All of the records below must be reproduced exactly, minus any pictures.

=======

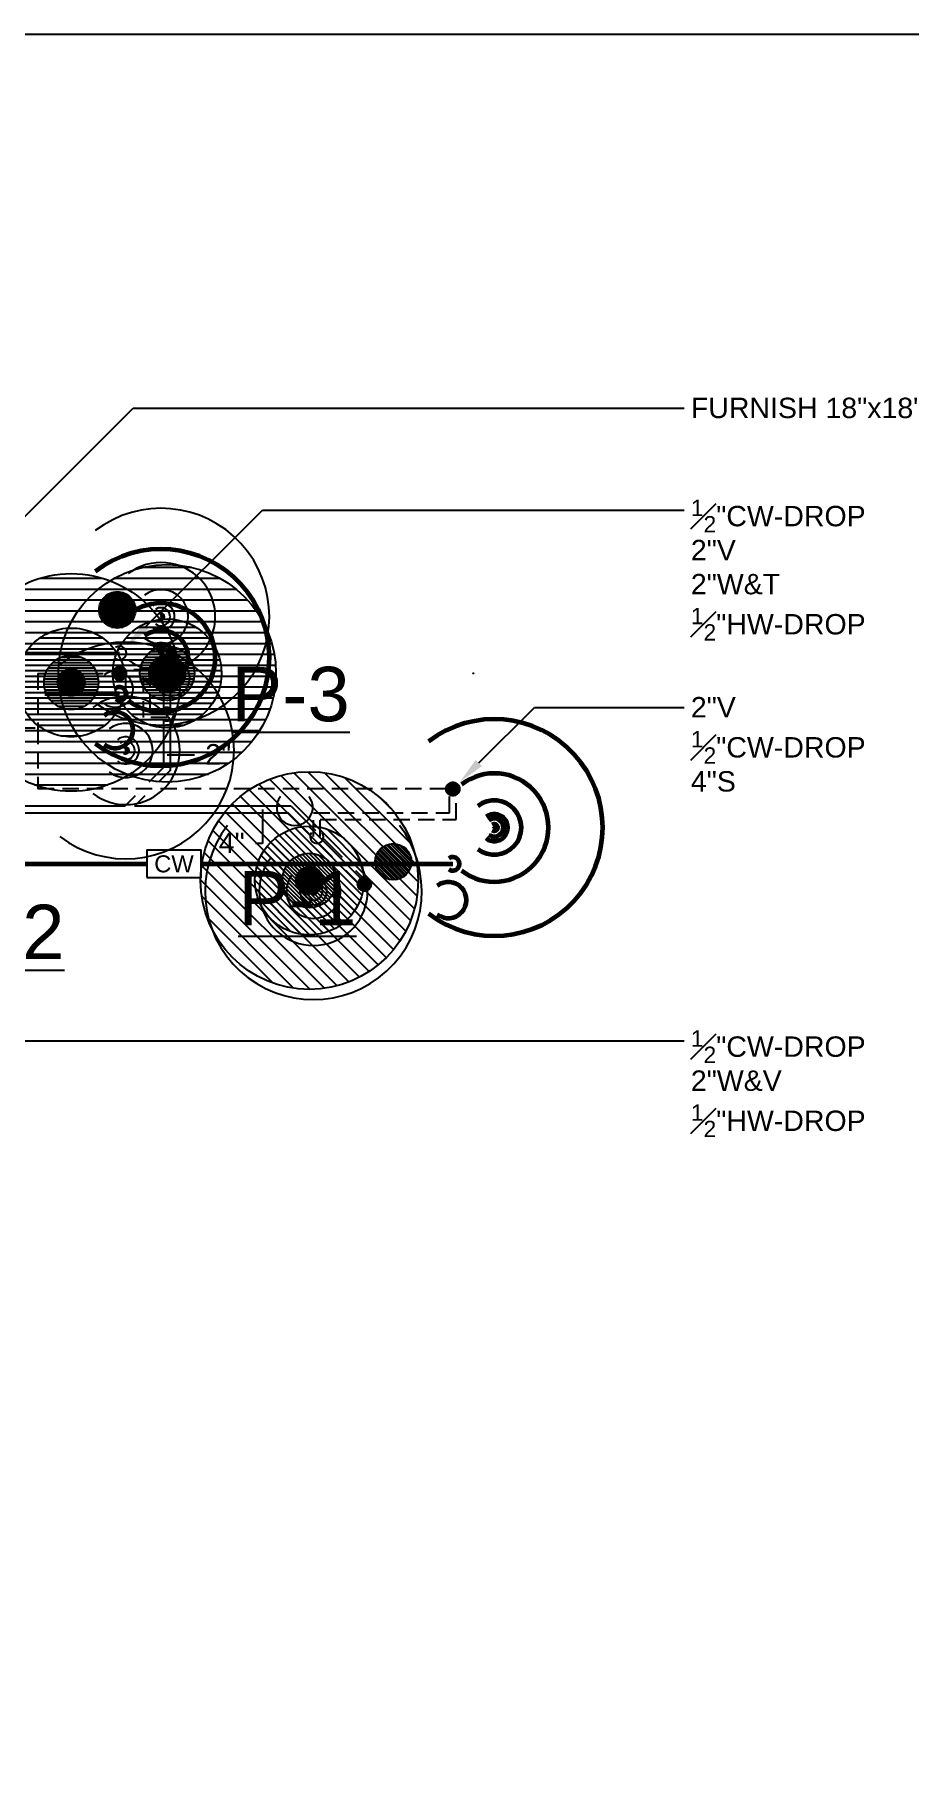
# Model space of a CAD drawing. Extents: x 2104 to 16979, y 4026 to 5124.
# Drawn here: x 10560.8 to 10753.7, y 4742.8 to 5123.9 of the extents above; entities that cross this region are included whole.
import ezdxf
from ezdxf import colors
from ezdxf.entities.mleader import LeaderData, LeaderLine
from ezdxf.enums import TextEntityAlignment as Align
from ezdxf.math import Vec2, Vec3

# ---------------------------------------------------------------- set-up
doc = ezdxf.new("R2010")
doc.units = 0
doc.header["$LTSCALE"] = 18
doc.header["$MEASUREMENT"] = 0
doc.linetypes.add('VENT', pattern=[0.30000000000000004, 0.2, -0.1])
for name, color, linetype in [('G-ANNO-TEXT', 70, 'Continuous'), ('P-HW-N', 1, 'Continuous'), ('P-HW-N @ 1 (1)', 1, 'Continuous'), ('P-HW-N @ 1 (2)', 1, 'Continuous'), ('P-HW-N @ 12', 1, 'Continuous'), ('P-HW-N @ 128', 1, 'Continuous'), ('P-HW-N @ 16', 1, 'Continuous'), ('P-HW-N @ 192', 1, 'Continuous'), ('P-HW-N @ 2', 1, 'Continuous'), ('P-HW-N @ 24', 1, 'Continuous'), ('P-HW-N @ 384', 1, 'Continuous'), ('P-HW-N @ 4', 1, 'Continuous'), ('P-HW-N @ 48', 1, 'Continuous'), ('P-HW-N @ 64', 1, 'Continuous'), ('P-HW-N @ 768', 1, 'Continuous'), ('P-HW-N @ 8', 1, 'Continuous'), ('P-HW-N @ 96', 1, 'Continuous'), ('P-SAN-N', 6, 'Continuous'), ('P-SAN-N @ 1 (1)', 6, 'Continuous'), ('P-SAN-N @ 1 (2)', 6, 'Continuous'), ('P-SAN-N @ 12', 6, 'Continuous'), ('P-SAN-N @ 128', 6, 'Continuous'), ('P-SAN-N @ 16', 6, 'Continuous'), ('P-SAN-N @ 192', 6, 'Continuous'), ('P-SAN-N @ 2', 6, 'Continuous'), ('P-SAN-N @ 24', 6, 'Continuous'), ('P-SAN-N @ 384', 6, 'Continuous'), ('P-SAN-N @ 4', 6, 'Continuous'), ('P-SAN-N @ 48', 6, 'Continuous'), ('P-SAN-N @ 64', 6, 'Continuous'), ('P-SAN-N @ 768', 6, 'Continuous'), ('P-SAN-N @ 8', 6, 'Continuous'), ('P-SAN-N @ 96', 6, 'Continuous'), ('P-SANV-N', 5, 'VENT'), ('P-SANV-N @ 1 (1)', 5, 'VENT'), ('P-SANV-N @ 1 (2)', 5, 'VENT'), ('P-SANV-N @ 12', 5, 'VENT'), ('P-SANV-N @ 128', 5, 'VENT'), ('P-SANV-N @ 16', 5, 'VENT'), ('P-SANV-N @ 192', 5, 'VENT'), ('P-SANV-N @ 2', 5, 'VENT'), ('P-SANV-N @ 24', 5, 'VENT'), ('P-SANV-N @ 384', 5, 'VENT'), ('P-SANV-N @ 4', 5, 'VENT'), ('P-SANV-N @ 48', 5, 'VENT'), ('P-SANV-N @ 64', 5, 'VENT'), ('P-SANV-N @ 768', 5, 'VENT'), ('P-SANV-N @ 8', 5, 'VENT'), ('P-SANV-N @ 96', 5, 'VENT')]:
    doc.layers.add(name, color=color, linetype=linetype)
for name, color, linetype, lineweight in [('P-CW-N', 4, 'Continuous', 60), ('P-CW-N @ 1 (1)', 4, 'Continuous', 60), ('P-CW-N @ 1 (2)', 4, 'Continuous', 60), ('P-CW-N @ 12', 4, 'Continuous', 60), ('P-CW-N @ 128', 4, 'Continuous', 60), ('P-CW-N @ 16', 4, 'Continuous', 60), ('P-CW-N @ 192', 4, 'Continuous', 60), ('P-CW-N @ 2', 4, 'Continuous', 60), ('P-CW-N @ 24', 4, 'Continuous', 60), ('P-CW-N @ 384', 4, 'Continuous', 60), ('P-CW-N @ 4', 4, 'Continuous', 60), ('P-CW-N @ 48', 4, 'Continuous', 60), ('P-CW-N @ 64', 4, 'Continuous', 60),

=======

[Solved exercise]
# Model space of a CAD drawing. Extents: x 2104 to 16979, y 4026 to 5124.
# Drawn here: x 10560.8 to 10753.7, y 4742.8 to 5123.9 of the extents above; entities that cross this region are included whole.
import ezdxf
from ezdxf import colors
from ezdxf.entities.mleader import LeaderData, LeaderLine
from ezdxf.enums import TextEntityAlignment as Align
from ezdxf.math import Vec2, Vec3

# ---------------------------------------------------------------- set-up
doc = ezdxf.new("R2010")
doc.units = 0
doc.header["$LTSCALE"] = 18
doc.header["$MEASUREMENT"] = 0
doc.linetypes.add('VENT', pattern=[0.30000000000000004, 0.2, -0.1])
for name, color, linetype in [('G-ANNO-TEXT', 70, 'Continuous'), ('P-HW-N', 1, 'Continuous'), ('P-HW-N @ 1 (1)', 1, 'Continuous'), ('P-HW-N @ 1 (2)', 1, 'Continuous'), ('P-HW-N @ 12', 1, 'Continuous'), ('P-HW-N @ 128', 1, 'Continuous'), ('P-HW-N @ 16', 1, 'Continuous'), ('P-HW-N @ 192', 1, 'Continuous'), ('P-HW-N @ 2', 1, 'Continuous'), ('P-HW-N @ 24', 1, 'Continuous'), ('P-HW-N @ 384', 1, 'Continuous'), ('P-HW-N @ 4', 1, 'Continuous'), ('P-HW-N @ 48', 1, 'Continuous'), ('P-HW-N @ 64', 1, 'Continuous'), ('P-HW-N @ 768', 1, 'Continuous'), ('P-HW-N @ 8', 1, 'Continuous'), ('P-HW-N @ 96', 1, 'Continuous'), ('P-SAN-N', 6, 'Continuous'), ('P-SAN-N @ 1 (1)', 6, 'Continuous'), ('P-SAN-N @ 1 (2)', 6, 'Continuous'), ('P-SAN-N @ 12', 6, 'Continuous'), ('P-SAN-N @ 128', 6, 'Continuous'), ('P-SAN-N @ 16', 6, 'Continuous'), ('P-SAN-N @ 192', 6, 'Continuous'), ('P-SAN-N @ 2', 6, 'Continuous'), ('P-SAN-N @ 24', 6, 'Continuous'), ('P-SAN-N @ 384', 6, 'Continuous'), ('P-SAN-N @ 4', 6, 'Continuous'), ('P-SAN-N @ 48', 6, 'Continuous'), ('P-SAN-N @ 64', 6, 'Continuous'), ('P-SAN-N @ 768', 6, 'Continuous'), ('P-SAN-N @ 8', 6, 'Continuous'), ('P-SAN-N @ 96', 6, 'Continuous'), ('P-SANV-N', 5, 'VENT'), ('P-SANV-N @ 1 (1)', 5, 'VENT'), ('P-SANV-N @ 1 (2)', 5, 'VENT'), ('P-SANV-N @ 12', 5, 'VENT'), ('P-SANV-N @ 128', 5, 'VENT'), ('P-SANV-N @ 16', 5, 'VENT'), ('P-SANV-N @ 192', 5, 'VENT'), ('P-SANV-N @ 2', 5, 'VENT'), ('P-SANV-N @ 24', 5, 'VENT'), ('P-SANV-N @ 384', 5, 'VENT'), ('P-SANV-N @ 4', 5, 'VENT'), ('P-SANV-N @ 48', 5, 'VENT'), ('P-SANV-N @ 64', 5, 'VENT'), ('P-SANV-N @ 768', 5, 'VENT'), ('P-SANV-N @ 8', 5, 'VENT'), ('P-SANV-N @ 96', 5, 'VENT')]:
    doc.layers.add(name, color=color, linetype=linetype)
for name, color, linetype, lineweight in [('P-CW-N', 4, 'Continuous', 60), ('P-CW-N @ 1 (1)', 4, 'Continuous', 60), ('P-CW-N @ 1 (2)', 4, 'Continuous', 60), ('P-CW-N @ 12', 4, 'Continuous', 60), ('P-CW-N @ 128', 4, 'Continuous', 60), ('P-CW-N @ 16', 4, 'Continuous', 60), ('P-CW-N @ 192', 4, 'Continuous', 60), ('P-CW-N @ 2', 4, 'Continuous', 60), ('P-CW-N @ 24', 4, 'Continuous', 60), ('P-CW-N @ 384', 4, 'Continuous', 60), ('P-CW-N @ 4', 4, 'Continuous', 60), ('P-CW-N @ 48', 4, 'Continuous', 60), ('P-CW-N @ 64', 4, 'Continuous', 60),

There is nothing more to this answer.